As the "intermediate" standard is applied to the facts of the instant case, we agree that plaintiff should receive disability-retirement benefits. All of plaintiff's experience and training is in the field of nursing, a job which she can no longer perform because of her work-related injury. Accordingly, the trial court's decision awarding plaintiff disability-retirement benefits was correct.

Affirmed.

NOTES

[*] Circuit judge, sitting on the Court of Appeals by assignment.

[1] "Once each year during the first 5 years following the retirement of a member on a disability retirement allowance, and at least once in every 3 year period thereafter the retirement board may, and upon the retirant's application shall, require any disability retirant, who has not attained age 60 years, to undergo a medical examination; such examination to be made by or under the direction of the medical advisor at the place of residence of said retirant, or other place mutually agreed upon. Should any disabilty retirant, who has not attained age 60 years, refuse to submit to such medical examination in any such period, his disability retirement allowance may be discontinued until his withdrawal of such refusal, and should such refusal continue for 1 year, all his rights in and to his disability retirement allowance may be revoked by the retirement board.
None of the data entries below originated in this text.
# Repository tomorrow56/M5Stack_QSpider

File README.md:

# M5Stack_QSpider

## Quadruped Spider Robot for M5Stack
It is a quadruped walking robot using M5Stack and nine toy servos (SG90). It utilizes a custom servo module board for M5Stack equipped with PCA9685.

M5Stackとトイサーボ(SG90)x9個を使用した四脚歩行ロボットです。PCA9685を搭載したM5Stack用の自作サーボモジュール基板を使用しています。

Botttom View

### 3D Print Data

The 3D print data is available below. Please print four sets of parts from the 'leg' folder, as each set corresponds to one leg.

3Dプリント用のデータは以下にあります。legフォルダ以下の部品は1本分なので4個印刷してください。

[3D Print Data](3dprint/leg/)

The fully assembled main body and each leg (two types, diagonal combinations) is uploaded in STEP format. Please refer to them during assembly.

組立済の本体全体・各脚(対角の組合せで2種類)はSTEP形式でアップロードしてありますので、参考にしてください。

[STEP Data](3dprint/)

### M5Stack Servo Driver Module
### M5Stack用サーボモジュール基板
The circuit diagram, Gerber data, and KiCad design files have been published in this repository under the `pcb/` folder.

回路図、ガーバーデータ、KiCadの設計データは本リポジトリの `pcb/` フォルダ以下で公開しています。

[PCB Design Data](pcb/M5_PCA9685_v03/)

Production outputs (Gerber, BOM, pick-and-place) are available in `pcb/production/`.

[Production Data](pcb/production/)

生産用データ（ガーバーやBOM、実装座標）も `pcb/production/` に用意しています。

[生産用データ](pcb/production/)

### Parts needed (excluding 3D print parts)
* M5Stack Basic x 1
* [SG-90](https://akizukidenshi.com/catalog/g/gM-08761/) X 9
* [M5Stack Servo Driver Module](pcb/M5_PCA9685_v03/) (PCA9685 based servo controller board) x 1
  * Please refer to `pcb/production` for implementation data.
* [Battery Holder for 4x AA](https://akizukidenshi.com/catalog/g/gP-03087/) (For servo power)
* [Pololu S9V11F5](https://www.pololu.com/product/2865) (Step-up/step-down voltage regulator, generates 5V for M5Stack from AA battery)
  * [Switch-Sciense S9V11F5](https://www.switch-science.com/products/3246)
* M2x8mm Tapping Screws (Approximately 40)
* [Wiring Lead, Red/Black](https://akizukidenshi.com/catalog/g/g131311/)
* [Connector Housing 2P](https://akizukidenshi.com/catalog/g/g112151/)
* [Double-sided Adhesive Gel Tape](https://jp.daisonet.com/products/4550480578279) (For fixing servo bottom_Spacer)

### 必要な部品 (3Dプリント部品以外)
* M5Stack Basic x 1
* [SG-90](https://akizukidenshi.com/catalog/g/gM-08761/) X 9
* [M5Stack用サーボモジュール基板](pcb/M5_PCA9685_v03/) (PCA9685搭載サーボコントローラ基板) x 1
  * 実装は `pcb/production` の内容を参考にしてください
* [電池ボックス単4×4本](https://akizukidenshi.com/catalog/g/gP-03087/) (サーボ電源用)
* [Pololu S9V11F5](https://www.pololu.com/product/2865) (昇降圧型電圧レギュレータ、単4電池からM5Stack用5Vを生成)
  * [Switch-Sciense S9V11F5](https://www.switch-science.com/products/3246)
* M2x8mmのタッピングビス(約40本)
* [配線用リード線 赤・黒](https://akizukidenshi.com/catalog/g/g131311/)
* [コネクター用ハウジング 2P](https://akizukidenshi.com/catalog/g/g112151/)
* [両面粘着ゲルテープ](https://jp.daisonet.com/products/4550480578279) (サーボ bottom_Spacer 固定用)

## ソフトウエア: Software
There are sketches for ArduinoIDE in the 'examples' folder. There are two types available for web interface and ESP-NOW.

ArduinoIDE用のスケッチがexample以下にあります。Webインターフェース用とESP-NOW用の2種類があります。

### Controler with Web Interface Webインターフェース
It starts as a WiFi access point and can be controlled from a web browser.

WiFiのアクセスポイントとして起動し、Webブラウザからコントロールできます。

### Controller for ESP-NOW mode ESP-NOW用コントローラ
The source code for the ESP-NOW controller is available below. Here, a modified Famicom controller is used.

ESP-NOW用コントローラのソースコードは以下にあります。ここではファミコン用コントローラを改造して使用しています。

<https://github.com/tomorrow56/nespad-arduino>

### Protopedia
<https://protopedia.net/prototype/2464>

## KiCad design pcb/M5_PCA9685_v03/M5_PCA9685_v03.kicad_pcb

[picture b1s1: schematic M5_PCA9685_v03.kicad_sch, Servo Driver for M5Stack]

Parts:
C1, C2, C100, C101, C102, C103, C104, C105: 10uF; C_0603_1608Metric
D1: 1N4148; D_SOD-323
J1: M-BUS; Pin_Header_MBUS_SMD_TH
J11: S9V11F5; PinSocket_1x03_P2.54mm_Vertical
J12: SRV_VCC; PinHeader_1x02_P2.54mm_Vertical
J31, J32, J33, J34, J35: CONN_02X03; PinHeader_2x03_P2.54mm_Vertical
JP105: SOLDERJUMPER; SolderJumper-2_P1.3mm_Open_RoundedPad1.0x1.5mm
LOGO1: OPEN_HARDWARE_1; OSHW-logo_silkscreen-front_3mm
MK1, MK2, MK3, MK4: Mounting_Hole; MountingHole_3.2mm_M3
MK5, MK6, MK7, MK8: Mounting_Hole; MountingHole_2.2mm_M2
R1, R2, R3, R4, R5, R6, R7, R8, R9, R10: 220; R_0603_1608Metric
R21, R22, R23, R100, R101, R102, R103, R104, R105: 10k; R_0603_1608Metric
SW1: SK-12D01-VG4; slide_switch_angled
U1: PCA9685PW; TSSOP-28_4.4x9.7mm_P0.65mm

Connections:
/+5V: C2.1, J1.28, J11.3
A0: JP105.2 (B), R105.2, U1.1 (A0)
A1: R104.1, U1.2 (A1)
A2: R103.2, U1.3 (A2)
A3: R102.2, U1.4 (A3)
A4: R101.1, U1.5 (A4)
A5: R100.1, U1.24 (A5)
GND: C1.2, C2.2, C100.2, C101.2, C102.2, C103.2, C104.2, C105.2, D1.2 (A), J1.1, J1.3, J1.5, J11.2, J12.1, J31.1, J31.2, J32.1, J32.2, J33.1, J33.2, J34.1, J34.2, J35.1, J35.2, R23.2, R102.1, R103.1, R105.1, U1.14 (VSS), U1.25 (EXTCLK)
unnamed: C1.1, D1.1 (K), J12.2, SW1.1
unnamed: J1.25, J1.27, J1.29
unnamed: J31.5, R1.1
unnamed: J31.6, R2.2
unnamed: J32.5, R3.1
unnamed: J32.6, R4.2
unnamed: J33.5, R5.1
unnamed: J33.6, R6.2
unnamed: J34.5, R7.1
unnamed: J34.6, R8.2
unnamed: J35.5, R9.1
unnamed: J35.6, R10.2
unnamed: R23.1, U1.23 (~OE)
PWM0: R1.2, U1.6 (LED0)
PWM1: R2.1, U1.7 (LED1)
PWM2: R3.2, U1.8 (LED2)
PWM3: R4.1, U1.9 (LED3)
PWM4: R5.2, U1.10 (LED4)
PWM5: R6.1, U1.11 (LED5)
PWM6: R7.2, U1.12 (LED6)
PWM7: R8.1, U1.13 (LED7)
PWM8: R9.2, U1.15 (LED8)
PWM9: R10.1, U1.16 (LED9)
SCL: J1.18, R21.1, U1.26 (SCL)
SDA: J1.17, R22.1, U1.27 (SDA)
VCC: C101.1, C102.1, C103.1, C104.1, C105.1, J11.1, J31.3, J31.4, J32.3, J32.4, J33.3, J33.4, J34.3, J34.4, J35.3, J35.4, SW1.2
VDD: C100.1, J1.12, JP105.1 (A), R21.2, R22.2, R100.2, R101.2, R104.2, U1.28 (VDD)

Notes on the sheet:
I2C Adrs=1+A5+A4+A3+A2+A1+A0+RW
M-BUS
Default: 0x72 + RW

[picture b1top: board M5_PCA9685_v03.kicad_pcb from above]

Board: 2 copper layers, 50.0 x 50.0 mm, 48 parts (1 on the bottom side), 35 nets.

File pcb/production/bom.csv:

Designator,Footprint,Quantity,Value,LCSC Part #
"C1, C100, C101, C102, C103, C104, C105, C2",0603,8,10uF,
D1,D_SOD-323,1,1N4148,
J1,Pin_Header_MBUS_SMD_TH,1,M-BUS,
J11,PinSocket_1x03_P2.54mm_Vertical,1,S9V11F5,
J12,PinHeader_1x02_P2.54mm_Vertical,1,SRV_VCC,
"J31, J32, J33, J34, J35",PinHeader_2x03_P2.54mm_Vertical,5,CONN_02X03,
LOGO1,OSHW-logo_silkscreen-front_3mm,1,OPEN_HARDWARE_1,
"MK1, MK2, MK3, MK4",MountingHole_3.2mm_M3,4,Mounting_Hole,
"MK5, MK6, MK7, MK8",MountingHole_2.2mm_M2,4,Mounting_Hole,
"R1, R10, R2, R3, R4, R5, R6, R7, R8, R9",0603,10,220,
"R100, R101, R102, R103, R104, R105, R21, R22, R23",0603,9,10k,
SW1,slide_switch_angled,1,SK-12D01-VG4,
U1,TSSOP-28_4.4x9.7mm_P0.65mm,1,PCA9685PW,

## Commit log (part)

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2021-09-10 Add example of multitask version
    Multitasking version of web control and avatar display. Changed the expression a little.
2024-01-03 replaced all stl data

If upon such medical examination of a disability retirant, the medical advisor reports and his report is concurred in by the retirement board, that the disability retirant is physically able and capable of resuming employment, he shall be restored to active service with the state and his disability retirement allowance shall cease."

[2] "Should the secretary report and certify to the retirement board that such disability beneficiary is engaged in a gainful occupation paying more than the difference between his disability retirement allowance and his final compensation, and should the retirement board concur in such report, then the amount of his retirement allowance shall be reduced to an amount which together with the amount earned by him shall equal his final compensation. Should the earnings of such disability retirant be later changed, the amount of his retirement allowance shall be further modified in like manner."

[3] The trial court judge adopted the opinion of Ingham County Circuit Court Judge Robert Holmes Bell in Bowers v State of Michigan, Ingham County Docket No. 81-27923-AA (Court of Appeals No. 78646).